Once the records below have been read, copy them all out exactly.
══════════════════════════════
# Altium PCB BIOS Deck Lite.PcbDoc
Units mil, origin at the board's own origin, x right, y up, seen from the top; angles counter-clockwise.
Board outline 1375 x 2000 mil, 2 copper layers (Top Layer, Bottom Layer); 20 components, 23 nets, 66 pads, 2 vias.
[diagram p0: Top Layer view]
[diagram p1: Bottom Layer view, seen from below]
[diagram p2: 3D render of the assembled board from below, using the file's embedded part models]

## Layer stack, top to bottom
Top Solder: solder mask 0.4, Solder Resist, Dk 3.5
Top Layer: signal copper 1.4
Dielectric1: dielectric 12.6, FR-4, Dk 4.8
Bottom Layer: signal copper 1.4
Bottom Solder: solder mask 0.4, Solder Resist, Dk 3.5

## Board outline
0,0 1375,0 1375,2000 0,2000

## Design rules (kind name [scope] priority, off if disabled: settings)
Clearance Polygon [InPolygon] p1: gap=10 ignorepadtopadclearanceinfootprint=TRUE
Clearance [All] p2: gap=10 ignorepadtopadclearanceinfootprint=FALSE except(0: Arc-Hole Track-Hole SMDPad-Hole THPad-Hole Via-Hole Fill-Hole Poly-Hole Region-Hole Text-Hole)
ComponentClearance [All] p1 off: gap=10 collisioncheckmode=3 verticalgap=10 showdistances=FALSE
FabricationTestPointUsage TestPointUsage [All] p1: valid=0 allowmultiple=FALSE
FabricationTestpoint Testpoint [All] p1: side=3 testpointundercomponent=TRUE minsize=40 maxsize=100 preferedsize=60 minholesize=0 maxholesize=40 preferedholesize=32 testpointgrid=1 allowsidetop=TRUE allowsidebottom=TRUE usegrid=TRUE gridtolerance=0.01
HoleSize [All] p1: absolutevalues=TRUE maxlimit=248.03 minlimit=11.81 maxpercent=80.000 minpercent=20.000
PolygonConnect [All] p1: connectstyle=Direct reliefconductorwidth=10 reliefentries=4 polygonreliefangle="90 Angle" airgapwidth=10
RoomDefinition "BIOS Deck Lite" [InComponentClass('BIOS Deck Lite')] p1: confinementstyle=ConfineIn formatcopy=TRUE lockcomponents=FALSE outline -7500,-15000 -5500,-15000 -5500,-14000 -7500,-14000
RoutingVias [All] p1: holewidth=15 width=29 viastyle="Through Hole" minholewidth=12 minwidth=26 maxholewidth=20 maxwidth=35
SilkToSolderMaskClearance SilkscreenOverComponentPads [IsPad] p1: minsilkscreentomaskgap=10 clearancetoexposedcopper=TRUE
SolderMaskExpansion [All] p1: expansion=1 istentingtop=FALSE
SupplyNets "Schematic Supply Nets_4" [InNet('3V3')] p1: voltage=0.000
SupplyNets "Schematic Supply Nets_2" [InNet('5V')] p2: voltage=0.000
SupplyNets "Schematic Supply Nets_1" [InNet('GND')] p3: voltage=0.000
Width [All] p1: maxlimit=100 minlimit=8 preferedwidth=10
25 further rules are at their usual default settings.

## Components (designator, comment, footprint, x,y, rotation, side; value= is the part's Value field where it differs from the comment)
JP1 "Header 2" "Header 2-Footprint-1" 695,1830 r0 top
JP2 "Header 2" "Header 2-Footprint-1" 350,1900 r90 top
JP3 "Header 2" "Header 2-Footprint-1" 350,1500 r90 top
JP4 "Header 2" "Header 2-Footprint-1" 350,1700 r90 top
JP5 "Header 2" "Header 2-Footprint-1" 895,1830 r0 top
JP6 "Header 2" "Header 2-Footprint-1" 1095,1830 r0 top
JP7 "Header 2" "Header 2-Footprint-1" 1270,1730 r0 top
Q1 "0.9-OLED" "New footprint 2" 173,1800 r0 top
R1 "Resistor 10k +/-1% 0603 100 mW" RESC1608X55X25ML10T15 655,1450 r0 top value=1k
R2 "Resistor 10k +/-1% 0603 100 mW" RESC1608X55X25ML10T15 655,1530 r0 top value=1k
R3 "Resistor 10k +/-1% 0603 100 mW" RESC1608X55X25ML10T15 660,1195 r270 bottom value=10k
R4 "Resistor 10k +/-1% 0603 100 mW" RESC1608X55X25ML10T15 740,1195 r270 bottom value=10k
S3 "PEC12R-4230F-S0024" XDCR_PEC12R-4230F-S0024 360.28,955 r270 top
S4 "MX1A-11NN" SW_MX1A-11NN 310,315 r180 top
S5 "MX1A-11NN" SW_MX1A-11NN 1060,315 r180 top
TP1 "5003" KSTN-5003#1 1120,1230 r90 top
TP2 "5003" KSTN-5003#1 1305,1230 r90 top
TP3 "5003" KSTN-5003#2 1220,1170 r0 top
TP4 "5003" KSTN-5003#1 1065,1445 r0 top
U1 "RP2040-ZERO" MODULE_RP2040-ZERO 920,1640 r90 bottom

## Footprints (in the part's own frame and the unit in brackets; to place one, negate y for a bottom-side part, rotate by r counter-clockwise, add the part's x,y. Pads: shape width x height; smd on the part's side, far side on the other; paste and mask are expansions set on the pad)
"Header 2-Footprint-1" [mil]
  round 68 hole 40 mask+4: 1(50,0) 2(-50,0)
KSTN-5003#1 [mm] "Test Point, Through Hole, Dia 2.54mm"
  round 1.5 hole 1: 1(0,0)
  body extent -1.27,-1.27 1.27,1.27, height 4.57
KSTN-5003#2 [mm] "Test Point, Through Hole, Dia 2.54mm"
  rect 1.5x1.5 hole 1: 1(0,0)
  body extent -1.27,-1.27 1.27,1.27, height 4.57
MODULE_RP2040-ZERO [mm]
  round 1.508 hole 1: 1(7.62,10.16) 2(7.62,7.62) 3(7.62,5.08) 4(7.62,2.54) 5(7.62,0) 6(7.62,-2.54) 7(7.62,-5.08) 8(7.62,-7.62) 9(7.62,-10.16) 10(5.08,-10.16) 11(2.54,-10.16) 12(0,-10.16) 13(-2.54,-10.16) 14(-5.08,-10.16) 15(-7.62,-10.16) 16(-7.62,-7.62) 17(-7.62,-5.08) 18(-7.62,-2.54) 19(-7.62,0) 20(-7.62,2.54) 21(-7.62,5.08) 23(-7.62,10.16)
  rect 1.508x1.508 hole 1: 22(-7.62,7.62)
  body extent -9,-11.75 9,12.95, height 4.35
══════════════════════════════
-- Output of the task --
# Altium PCB BIOS Deck Lite.PcbDoc
Units mil, origin at the board's own origin, x right, y up, seen from the top; angles counter-clockwise.
Board outline 1375 x 2000 mil, 2 copper layers (Top Layer, Bottom Layer); 20 components, 23 nets, 66 pads, 2 vias.
[diagram p0: Top Layer view]
[diagram p1: Bottom Layer view, seen from below]
[diagram p2: 3D render of the assembled board from below, using the file's embedded part models]

## Layer stack, top to bottom
Top Solder: solder mask 0.4, Solder Resist, Dk 3.5
Top Layer: signal copper 1.4
Dielectric1: dielectric 12.6, FR-4, Dk 4.8
Bottom Layer: signal copper 1.4
Bottom Solder: solder mask 0.4, Solder Resist, Dk 3.5

## Board outline
0,0 1375,0 1375,2000 0,2000

## Design rules (kind name [scope] priority, off if disabled: settings)
Clearance Polygon [InPolygon] p1: gap=10 ignorepadtopadclearanceinfootprint=TRUE
Clearance [All] p2: gap=10 ignorepadtopadclearanceinfootprint=FALSE except(0: Arc-Hole Track-Hole SMDPad-Hole THPad-Hole Via-Hole Fill-Hole Poly-Hole Region-Hole Text-Hole)
ComponentClearance [All] p1 off: gap=10 collisioncheckmode=3 verticalgap=10 showdistances=FALSE
FabricationTestPointUsage TestPointUsage [All] p1: valid=0 allowmultiple=FALSE
FabricationTestpoint Testpoint [All] p1: side=3 testpointundercomponent=TRUE minsize=40 maxsize=100 preferedsize=60 minholesize=0 maxholesize=40 preferedholesize=32 testpointgrid=1 allowsidetop=TRUE allowsidebottom=TRUE usegrid=TRUE gridtolerance=0.01
HoleSize [All] p1: absolutevalues=TRUE maxlimit=248.03 minlimit=11.81 maxpercent=80.000 minpercent=20.000
PolygonConnect [All] p1: connectstyle=Direct reliefconductorwidth=10 reliefentries=4 polygonreliefangle="90 Angle" airgapwidth=10
RoomDefinition "BIOS Deck Lite" [InComponentClass('BIOS Deck Lite')] p1: confinementstyle=ConfineIn formatcopy=TRUE lockcomponents=FALSE outline -7500,-15000 -5500,-15000 -5500,-14000 -7500,-14000
RoutingVias [All] p1: holewidth=15 width=29 viastyle="Through Hole" minholewidth=12 minwidth=26 maxholewidth=20 maxwidth=35
SilkToSolderMaskClearance SilkscreenOverComponentPads [IsPad] p1: minsilkscreentomaskgap=10 clearancetoexposedcopper=TRUE
SolderMaskExpansion [All] p1: expansion=1 istentingtop=FALSE
SupplyNets "Schematic Supply Nets_4" [InNet('3V3')] p1: voltage=0.000
SupplyNets "Schematic Supply Nets_2" [InNet('5V')] p2: voltage=0.000
SupplyNets "Schematic Supply Nets_1" [InNet('GND')] p3: voltage=0.000
Width [All] p1: maxlimit=100 minlimit=8 preferedwidth=10
25 further rules are at their usual default settings.

## Components (designator, comment, footprint, x,y, rotation, side; value= is the part's Value field where it differs from the comment)
JP1 "Header 2" "Header 2-Footprint-1" 695,1830 r0 top
JP2 "Header 2" "Header 2-Footprint-1" 350,1900 r90 top
JP3 "Header 2" "Header 2-Footprint-1" 350,1500 r90 top
JP4 "Header 2" "Header 2-Footprint-1" 350,1700 r90 top
JP5 "Header 2" "Header 2-Footprint-1" 895,1830 r0 top
JP6 "Header 2" "Header 2-Footprint-1" 1095,1830 r0 top
JP7 "Header 2" "Header 2-Footprint-1" 1270,1730 r0 top
Q1 "0.9-OLED" "New footprint 2" 173,1800 r0 top
R1 "Resistor 10k +/-1% 0603 100 mW" RESC1608X55X25ML10T15 655,1450 r0 top value=1k
R2 "Resistor 10k +/-1% 0603 100 mW" RESC1608X55X25ML10T15 655,1530 r0 top value=1k
R3 "Resistor 10k +/-1% 0603 100 mW" RESC1608X55X25ML10T15 660,1195 r270 bottom value=10k
R4 "Resistor 10k +/-1% 0603 100 mW" RESC1608X55X25ML10T15 740,1195 r270 bottom value=10k
S3 "PEC12R-4230F-S0024" XDCR_PEC12R-4230F-S0024 360.28,955 r270 top
S4 "MX1A-11NN" SW_MX1A-11NN 310,315 r180 top
S5 "MX1A-11NN" SW_MX1A-11NN 1060,315 r180 top
TP1 "5003" KSTN-5003#1 1120,1230 r90 top
TP2 "5003" KSTN-5003#1 1305,1230 r90 top
TP3 "5003" KSTN-5003#2 1220,1170 r0 top
TP4 "5003" KSTN-5003#1 1065,1445 r0 top
U1 "RP2040-ZERO" MODULE_RP2040-ZERO 920,1640 r90 bottom

## Footprints (in the part's own frame and the unit in brackets; to place one, negate y for a bottom-side part, rotate by r counter-clockwise, add the part's x,y. Pads: shape width x height; smd on the part's side, far side on the other; paste and mask are expansions set on the pad)
"Header 2-Footprint-1" [mil]
  round 68 hole 40 mask+4: 1(50,0) 2(-50,0)
KSTN-5003#1 [mm] "Test Point, Through Hole, Dia 2.54mm"
  round 1.5 hole 1: 1(0,0)
  body extent -1.27,-1.27 1.27,1.27, height 4.57
KSTN-5003#2 [mm] "Test Point, Through Hole, Dia 2.54mm"
  rect 1.5x1.5 hole 1: 1(0,0)
  body extent -1.27,-1.27 1.27,1.27, height 4.57
MODULE_RP2040-ZERO [mm]
  round 1.508 hole 1: 1(7.62,10.16) 2(7.62,7.62) 3(7.62,5.08) 4(7.62,2.54) 5(7.62,0) 6(7.62,-2.54) 7(7.62,-5.08) 8(7.62,-7.62) 9(7.62,-10.16) 10(5.08,-10.16) 11(2.54,-10.16) 12(0,-10.16) 13(-2.54,-10.16) 14(-5.08,-10.16) 15(-7.62,-10.16) 16(-7.62,-7.62) 17(-7.62,-5.08) 18(-7.62,-2.54) 19(-7.62,0) 20(-7.62,2.54) 21(-7.62,5.08) 23(-7.62,10.16)
  rect 1.508x1.508 hole 1: 22(-7.62,7.62)
  body extent -9,-11.75 9,12.95, height 4.35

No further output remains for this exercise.